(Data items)
- - -

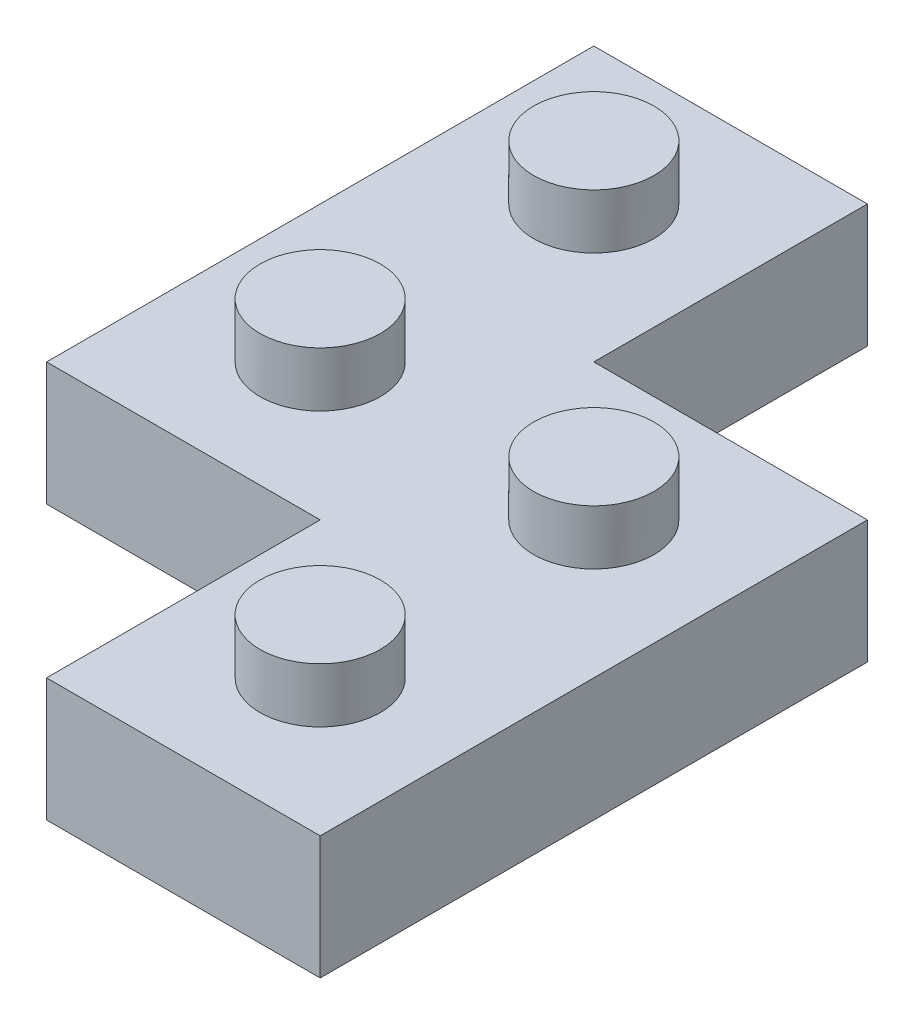
SolidWorks part; units mm, degrees
material "ABS"
ref_plane "Front Plane" through (0, 0, 0) normal (0, 0, 1) x (1, 0, 0)
ref_plane "Top Plane" through (0, 0, 0) normal (0, 1, 0) x (1, 0, 0)
ref_plane "Right Plane" through (0, 0, 0) normal (1, 0, 0) x (0, 0, -1)
sketch "Sketch1" plane through (0, 0, 0) normal (0, 1, 0) x (1, 0, 0)
  line L0 (-5.6746, 20.3112) -> (7.0254, 20.3112)
  line L1 (7.0254, 20.3112) -> (7.0254, 7.6112)
  line L2 (7.0254, 7.6112) -> (19.7254, 7.6112)
  line L3 (19.7254, 7.6112) -> (19.7254, -17.7888)
  line L4 (19.7254, -17.7888) -> (7.0254, -17.7888)
  line L5 (7.0254, -17.7888) -> (7.0254, -5.0888)
  line L6 (7.0254, -5.0888) -> (-5.6746, -5.0888)
  line L7 (-5.6746, -5.0888) -> (-5.6746, 20.3112)
  dimension "D1" = 38.1
  dimension "D2" = 12.7
  dimension "D3" = 12.7
  dimension "D4" = 12.7
  dimension "D5" = 12.7
extrude "Boss-Extrude1" add sketch "Sketch1" along normal blind 5.715
sketch "Sketch2" plane through (0, 5.715, 0) normal (0, 1, 0) x (1, 0, 0)
  line L0 (-5.6746, 20.3112) -> (-5.6746, -5.0888) construction
  line L1 (19.7254, -17.7888) -> (19.7254, 7.6112) construction
  line L2 (7.0254, 20.3112) -> (-5.6746, 20.3112) construction
  circle A0 centre (0.6754, 1.2612) radius 2.794
  circle A1 centre (13.3754, 1.2612) radius 2.794
  circle A2 centre (0.6754, 13.9612) radius 2.794
  circle A3 centre (13.3754, -11.4388) radius 2.794
  dimension "D2" = 6.35
  dimension "D4" = 6.35
  dimension "D5" = 12.7
  dimension "D3" = 6.35
  dimension "D6" = 12.7
  dimension "D1" = 2
extrude "Boss-Extrude3" add sketch "Sketch2" along normal blind 2.54

- - -

For the string "through", give the number of lines in the records that contain it and nothing besides.

• Answer space:
5